WORK INSTRUCTIONS:
Scan the entries below, and for each line that includes the word "boolean", make a copy.

··· EXERCISE DATA ···

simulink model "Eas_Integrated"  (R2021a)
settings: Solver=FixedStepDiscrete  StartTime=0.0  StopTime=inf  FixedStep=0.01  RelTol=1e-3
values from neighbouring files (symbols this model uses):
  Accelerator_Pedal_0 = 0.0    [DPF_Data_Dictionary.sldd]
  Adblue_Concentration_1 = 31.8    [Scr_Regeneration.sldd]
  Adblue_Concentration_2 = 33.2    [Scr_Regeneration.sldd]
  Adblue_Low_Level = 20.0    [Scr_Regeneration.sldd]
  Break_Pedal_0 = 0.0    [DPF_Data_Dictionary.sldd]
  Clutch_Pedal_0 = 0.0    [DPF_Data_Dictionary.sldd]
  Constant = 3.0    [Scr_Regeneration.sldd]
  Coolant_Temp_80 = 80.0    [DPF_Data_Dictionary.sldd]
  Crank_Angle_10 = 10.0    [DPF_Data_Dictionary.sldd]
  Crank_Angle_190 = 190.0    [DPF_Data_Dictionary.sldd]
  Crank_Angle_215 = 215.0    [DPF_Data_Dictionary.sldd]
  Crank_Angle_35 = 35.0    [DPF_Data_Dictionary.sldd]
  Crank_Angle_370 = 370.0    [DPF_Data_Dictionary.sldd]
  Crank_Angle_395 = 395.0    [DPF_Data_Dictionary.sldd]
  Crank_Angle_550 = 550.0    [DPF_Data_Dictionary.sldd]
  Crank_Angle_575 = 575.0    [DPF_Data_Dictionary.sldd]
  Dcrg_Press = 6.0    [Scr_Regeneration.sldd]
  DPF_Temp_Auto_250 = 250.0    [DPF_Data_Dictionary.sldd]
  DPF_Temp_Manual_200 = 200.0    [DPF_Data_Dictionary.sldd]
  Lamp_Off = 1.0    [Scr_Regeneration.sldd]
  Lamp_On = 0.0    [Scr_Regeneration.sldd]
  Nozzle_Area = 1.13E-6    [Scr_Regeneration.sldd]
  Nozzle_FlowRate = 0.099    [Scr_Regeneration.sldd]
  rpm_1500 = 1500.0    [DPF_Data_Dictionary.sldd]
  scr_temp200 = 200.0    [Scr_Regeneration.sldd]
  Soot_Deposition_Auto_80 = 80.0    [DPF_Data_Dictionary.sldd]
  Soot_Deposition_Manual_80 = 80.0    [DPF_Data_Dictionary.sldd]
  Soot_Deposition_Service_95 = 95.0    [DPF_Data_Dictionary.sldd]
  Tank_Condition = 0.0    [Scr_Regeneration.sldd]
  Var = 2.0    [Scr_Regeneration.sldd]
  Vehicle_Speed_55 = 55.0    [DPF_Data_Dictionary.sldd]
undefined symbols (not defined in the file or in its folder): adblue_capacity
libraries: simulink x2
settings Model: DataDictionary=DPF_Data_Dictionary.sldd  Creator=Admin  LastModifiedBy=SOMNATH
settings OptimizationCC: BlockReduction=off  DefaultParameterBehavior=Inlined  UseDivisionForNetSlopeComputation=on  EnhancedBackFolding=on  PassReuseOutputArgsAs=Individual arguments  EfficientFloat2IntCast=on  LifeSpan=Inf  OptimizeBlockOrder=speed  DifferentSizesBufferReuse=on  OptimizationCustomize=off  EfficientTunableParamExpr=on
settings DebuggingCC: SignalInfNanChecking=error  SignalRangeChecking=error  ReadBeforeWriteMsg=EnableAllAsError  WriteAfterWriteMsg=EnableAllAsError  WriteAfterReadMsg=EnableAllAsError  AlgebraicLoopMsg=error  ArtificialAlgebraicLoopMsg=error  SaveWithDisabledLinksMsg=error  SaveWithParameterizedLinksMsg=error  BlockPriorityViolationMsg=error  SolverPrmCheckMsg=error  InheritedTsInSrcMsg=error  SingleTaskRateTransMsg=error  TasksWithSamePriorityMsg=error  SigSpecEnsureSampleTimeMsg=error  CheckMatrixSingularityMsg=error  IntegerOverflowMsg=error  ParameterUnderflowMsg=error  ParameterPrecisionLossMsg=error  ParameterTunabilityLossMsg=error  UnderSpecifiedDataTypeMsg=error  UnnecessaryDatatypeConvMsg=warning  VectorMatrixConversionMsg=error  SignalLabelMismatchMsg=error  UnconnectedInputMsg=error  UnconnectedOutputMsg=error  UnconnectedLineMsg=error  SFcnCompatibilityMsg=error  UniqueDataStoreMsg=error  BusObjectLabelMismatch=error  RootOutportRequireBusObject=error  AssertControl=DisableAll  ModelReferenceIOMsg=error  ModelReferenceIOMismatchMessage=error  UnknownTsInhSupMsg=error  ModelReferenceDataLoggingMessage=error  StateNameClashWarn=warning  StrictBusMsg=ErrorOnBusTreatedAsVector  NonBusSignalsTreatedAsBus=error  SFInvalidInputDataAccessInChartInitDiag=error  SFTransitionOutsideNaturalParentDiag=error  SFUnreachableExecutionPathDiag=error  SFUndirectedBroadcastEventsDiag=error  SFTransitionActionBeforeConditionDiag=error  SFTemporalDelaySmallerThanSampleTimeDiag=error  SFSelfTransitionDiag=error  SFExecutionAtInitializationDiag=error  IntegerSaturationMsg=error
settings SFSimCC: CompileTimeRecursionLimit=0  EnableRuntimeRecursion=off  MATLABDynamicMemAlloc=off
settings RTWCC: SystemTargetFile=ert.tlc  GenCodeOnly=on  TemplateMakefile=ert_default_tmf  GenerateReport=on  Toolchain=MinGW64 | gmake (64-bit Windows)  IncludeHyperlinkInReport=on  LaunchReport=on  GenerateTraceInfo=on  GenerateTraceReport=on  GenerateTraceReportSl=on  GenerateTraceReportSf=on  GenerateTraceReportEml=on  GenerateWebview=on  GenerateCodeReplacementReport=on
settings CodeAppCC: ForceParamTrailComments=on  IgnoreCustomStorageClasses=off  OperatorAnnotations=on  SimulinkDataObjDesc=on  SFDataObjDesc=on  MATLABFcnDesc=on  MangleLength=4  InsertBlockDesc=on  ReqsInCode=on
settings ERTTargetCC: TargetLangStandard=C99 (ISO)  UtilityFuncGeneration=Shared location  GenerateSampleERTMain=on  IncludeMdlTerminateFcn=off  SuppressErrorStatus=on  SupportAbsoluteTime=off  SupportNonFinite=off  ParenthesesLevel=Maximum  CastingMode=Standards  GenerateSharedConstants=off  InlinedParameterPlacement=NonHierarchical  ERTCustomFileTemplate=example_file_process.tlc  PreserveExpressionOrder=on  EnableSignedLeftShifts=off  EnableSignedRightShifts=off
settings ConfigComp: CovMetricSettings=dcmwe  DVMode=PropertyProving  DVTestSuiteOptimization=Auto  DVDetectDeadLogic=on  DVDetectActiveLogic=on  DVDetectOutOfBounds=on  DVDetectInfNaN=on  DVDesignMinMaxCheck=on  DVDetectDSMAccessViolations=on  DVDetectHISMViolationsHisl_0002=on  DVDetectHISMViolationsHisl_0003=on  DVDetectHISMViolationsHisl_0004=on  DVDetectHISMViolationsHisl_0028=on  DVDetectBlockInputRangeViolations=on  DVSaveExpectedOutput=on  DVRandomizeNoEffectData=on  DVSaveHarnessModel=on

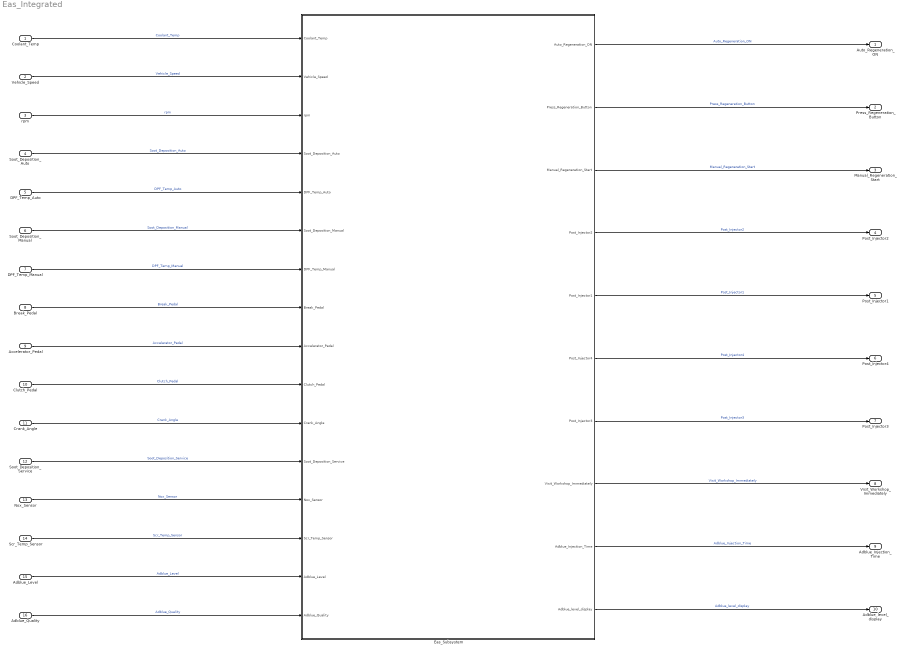
== system Eas_Integrated ==
  Coolant_Temp : Inport  OutDataTypeStr=int16
  Vehicle_Speed : Inport  Port=2  OutDataTypeStr=uint8
  rpm : Inport  Port=3  OutDataTypeStr=uint16
  Soot_Deposition_Auto : Inport  Port=4  OutDataTypeStr=uint8
  DPF_Temp_Auto : Inport  Port=5  OutDataTypeStr=uint8
  Soot_Deposition_Manual : Inport  Port=6  OutDataTypeStr=uint8
  DPF_Temp_Manual : Inport  Port=7  OutDataTypeStr=int16
  Break_Pedal : Inport  Port=8  OutDataTypeStr=boolean
  Accelerator_Pedal : Inport  Port=9  OutDataTypeStr=boolean
  Clutch_Pedal : Inport  Port=10  OutDataTypeStr=boolean
  Crank_Angle : Inport  Port=11  OutDataTypeStr=uint16
  Soot_Deposition_Service : Inport  Port=12  OutDataTypeStr=uint8
  Nox_Sensor : Inport  Port=13  OutDataTypeStr=uint16
  Scr_Temp_Sensor : Inport  Port=14  OutDataTypeStr=uint16
  Adblue_Level : Inport  Port=15  OutDataTypeStr=uint8
  Adblue_Quality : Inport  Port=16  OutDataTypeStr=double
  Eas_Subsystem : Subsystem  TreatAsAtomicUnit=on
  Auto_Regeneration_ON : Outport
  Press_Regeneration_Button : Outport  Port=2
  Manual_Regeneration_Start : Outport  Port=3
  Post_Injector2 : Outport  Port=4
  Post_Injector1 : Outport  Port=5
  Post_Injector4 : Outport  Port=6
  Post_Injector3 : Outport  Port=7
  Visit_Workshop_Immediately : Outport  Port=8
  Adblue_Injection_Time : Outport  Port=9  OutMin=0  OutMax=1500  OutDataTypeStr=double
  Adblue_level_display : Outport  Port=10  OutDataTypeStr=Enum: adblue_capacity
  wires:
  Eas_Subsystem/10(Adblue_level_display) -> Adblue_level_display/1  "Adblue_level_display"
  Eas_Subsystem/9(Adblue_Injection_Time) -> Adblue_Injection_Time/1  "Adblue_Injection_Time"
  Eas_Subsystem/7(Post_Injector3) -> Post_Injector3/1  "Post_Injector3"
  Eas_Subsystem/1(Auto_Regeneration_ON) -> Auto_Regeneration_ON/1  "Auto_Regeneration_ON"
  Eas_Subsystem/8(Visit_Workshop_Immediately) -> Visit_Workshop_Immediately/1  "Visit_Workshop_Immediately"
  Eas_Subsystem/6(Post_Injector4) -> Post_Injector4/1  "Post_Injector4"
  Eas_Subsystem/2(Press_Regeneration_Button) -> Press_Regeneration_Button/1  "Press_Regeneration_Button"
  Eas_Subsystem/5(Post_Injector1) -> Post_Injector1/1  "Post_Injector1"
  Eas_Subsystem/4(Post_Injector2) -> Post_Injector2/1  "Post_Injector2"
  Eas_Subsystem/3(Manual_Regeneration_Start) -> Manual_Regeneration_Start/1  "Manual_Regeneration_Start"
  Adblue_Quality/1 -> Eas_Subsystem/16(Adblue_Quality)  "Adblue_Quality"
  Adblue_Level/1 -> Eas_Subsystem/15(Adblue_Level)  "Adblue_Level"
  DPF_Temp_Auto/1 -> Eas_Subsystem/5(DPF_Temp_Auto)  "DPF_Temp_Auto"
  Accelerator_Pedal/1 -> Eas_Subsystem/9(Accelerator_Pedal)  "Accelerator_Pedal"
  Scr_Temp_Sensor/1 -> Eas_Subsystem/14(Scr_Temp_Sensor)  "Scr_Temp_Sensor"
  Nox_Sensor/1 -> Eas_Subsystem/13(Nox_Sensor)  "Nox_Sensor"
  Soot_Deposition_Service/1 -> Eas_Subsystem/12(Soot_Deposition_Service)  "Soot_Deposition_Service"
  Crank_Angle/1 -> Eas_Subsystem/11(Crank_Angle)  "Crank_Angle"
  Clutch_Pedal/1 -> Eas_Subsystem/10(Clutch_Pedal)  "Clutch_Pedal"
  Break_Pedal/1 -> Eas_Subsystem/8(Break_Pedal)  "Break_Pedal"
  DPF_Temp_Manual/1 -> Eas_Subsystem/7(DPF_Temp_Manual)  "DPF_Temp_Manual"
  Soot_Deposition_Manual/1 -> Eas_Subsystem/6(Soot_Deposition_Manual)  "Soot_Deposition_Manual"
  Soot_Deposition_Auto/1 -> Eas_Subsystem/4(Soot_Deposition_Auto)  "Soot_Deposition_Auto"
  rpm/1 -> Eas_Subsystem/3(rpm)  "rpm"
  Vehicle_Speed/1 -> Eas_Subsystem/2(Vehicle_Speed)  "Vehicle_Speed"
  Coolant_Temp/1 -> Eas_Subsystem/1(Coolant_Temp)  "Coolant_Temp"

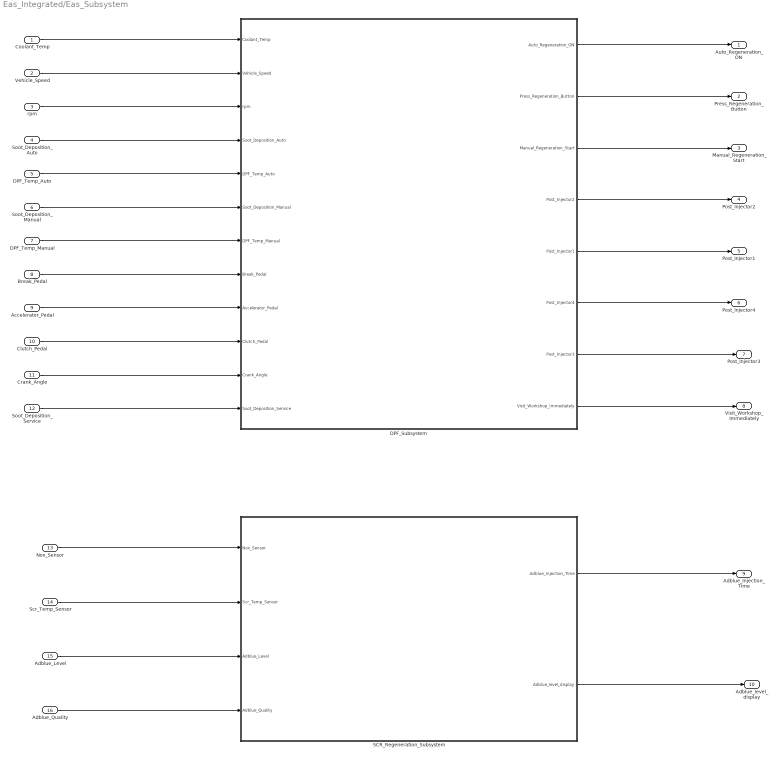
== system Eas_Integrated/Eas_Subsystem ==
  Coolant_Temp : Inport
  Vehicle_Speed : Inport  Port=2
  rpm : Inport  Port=3
  Soot_Deposition_Auto : Inport  Port=4
  DPF_Temp_Auto : Inport  Port=5
  Soot_Deposition_Manual : Inport  Port=6
  DPF_Temp_Manual : Inport  Port=7
  Break_Pedal : Inport  Port=8
  Accelerator_Pedal : Inport  Port=9
  Clutch_Pedal : Inport  Port=10
  Crank_Angle : Inport  Port=11
  Soot_Deposition_Service : Inport  Port=12
  Nox_Sensor : Inport  Port=13
  Scr_Temp_Sensor : Inport  Port=14
  Adblue_Level : Inport  Port=15  OutDataTypeStr=uint8
  Adblue_Quality : Inport  Port=16
  DPF_Subsystem : Subsystem  TreatAsAtomicUnit=on
  SCR_Regeneration_Subsystem : Subsystem  TreatAsAtomicUnit=on
  Auto_Regeneration_ON : Outport
  Press_Regeneration_Button : Outport  Port=2
  Manual_Regeneration_Start : Outport  Port=3
  Post_Injector2 : Outport  Port=4
  Post_Injector1 : Outport  Port=5
  Post_Injector4 : Outport  Port=6
  Post_Injector3 : Outport  Port=7
  Visit_Workshop_Immediately : Outport  Port=8
  Adblue_Injection_Time : Outport  Port=9
  Adblue_level_display : Outport  Port=10
  wires:
  Vehicle_Speed/1 -> DPF_Subsystem/2(Vehicle_Speed)
  SCR_Regeneration_Subsystem/1(Adblue_Injection_Time) -> Adblue_Injection_Time/1
  Accelerator_Pedal/1 -> DPF_Subsystem/9(Accelerator_Pedal)
  DPF_Temp_Manual/1 -> DPF_Subsystem/7(DPF_Temp_Manual)
  rpm/1 -> DPF_Subsystem/3(rpm)
  DPF_Temp_Auto/1 -> DPF_Subsystem/5(DPF_Temp_Auto)
  DPF_Subsystem/2(Press_Regeneration_Button) -> Press_Regeneration_Button/1
  Crank_Angle/1 -> DPF_Subsystem/11(Crank_Angle)
  Scr_Temp_Sensor/1 -> SCR_Regeneration_Subsystem/2(Scr_Temp_Sensor)
  Soot_Deposition_Auto/1 -> DPF_Subsystem/4(Soot_Deposition_Auto)
  DPF_Subsystem/5(Post_Injector1) -> Post_Injector1/1
  Soot_Deposition_Service/1 -> DPF_Subsystem/12(Soot_Deposition_Service)
  Soot_Deposition_Manual/1 -> DPF_Subsystem/6(Soot_Deposition_Manual)
  Adblue_Quality/1 -> SCR_Regeneration_Subsystem/4(Adblue_Quality)
  Clutch_Pedal/1 -> DPF_Subsystem/10(Clutch_Pedal)
  DPF_Subsystem/3(Manual_Regeneration_Start) -> Manual_Regeneration_Start/1
  Break_Pedal/1 -> DPF_Subsystem/8(Break_Pedal)
  DPF_Subsystem/7(Post_Injector3) -> Post_Injector3/1
  DPF_Subsystem/6(Post_Injector4) -> Post_Injector4/1
  Coolant_Temp/1 -> DPF_Subsystem/1(Coolant_Temp)
  DPF_Subsystem/8(Visit_Workshop_Immediately) -> Visit_Workshop_Immediately/1
  Nox_Sensor/1 -> SCR_Regeneration_Subsystem/1(Nox_Sensor)
  DPF_Subsystem/1(Auto_Regeneration_ON) -> Auto_Regeneration_ON/1
  DPF_Subsystem/4(Post_Injector2) -> Post_Injector2/1
  SCR_Regeneration_Subsystem/2(Adblue_level_display) -> Adblue_level_display/1
  Adblue_Level/1 -> SCR_Regeneration_Subsystem/3(Adblue_Level)

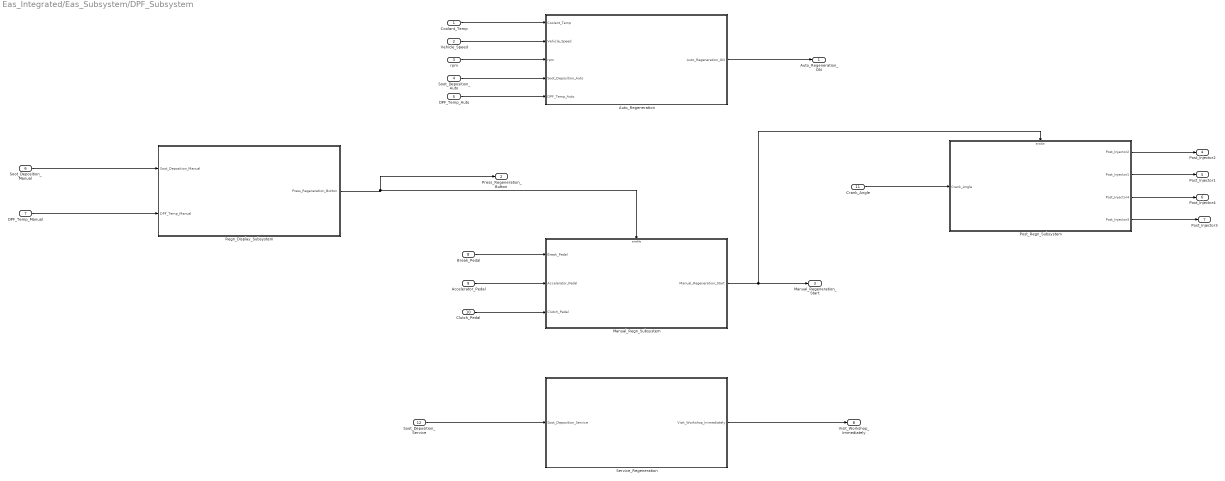
== system Eas_Integrated/Eas_Subsystem/DPF_Subsystem ==
  Coolant_Temp : Inport
  Vehicle_Speed : Inport  Port=2
  rpm : Inport  Port=3
  Soot_Deposition_Auto : Inport  Port=4
  DPF_Temp_Auto : Inport  Port=5
  Soot_Deposition_Manual : Inport  Port=6
  DPF_Temp_Manual : Inport  Port=7
  Break_Pedal : Inport  Port=8
  Accelerator_Pedal : Inport  Port=9
  Clutch_Pedal : Inport  Port=10
  Crank_Angle : Inport  Port=11
  Soot_Deposition_Service : Inport  Port=12
  Auto_Regeneration : Subsystem  TreatAsAtomicUnit=on
  Manual_Regn_Subsystem : Subsystem  TreatAsAtomicUnit=on
  Post_Regn_Subsystem : Subsystem
  Regn_Display_Subsystem : Subsystem
  Service_Regeneration : Subsystem
  Auto_Regeneration_ON : Outport
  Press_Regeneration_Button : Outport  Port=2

···

RESPONSE FOR THIS EXERCISE:
  Break_Pedal : Inport  Port=8  OutDataTypeStr=boolean
  Accelerator_Pedal : Inport  Port=9  OutDataTypeStr=boolean
  Clutch_Pedal : Inport  Port=10  OutDataTypeStr=boolean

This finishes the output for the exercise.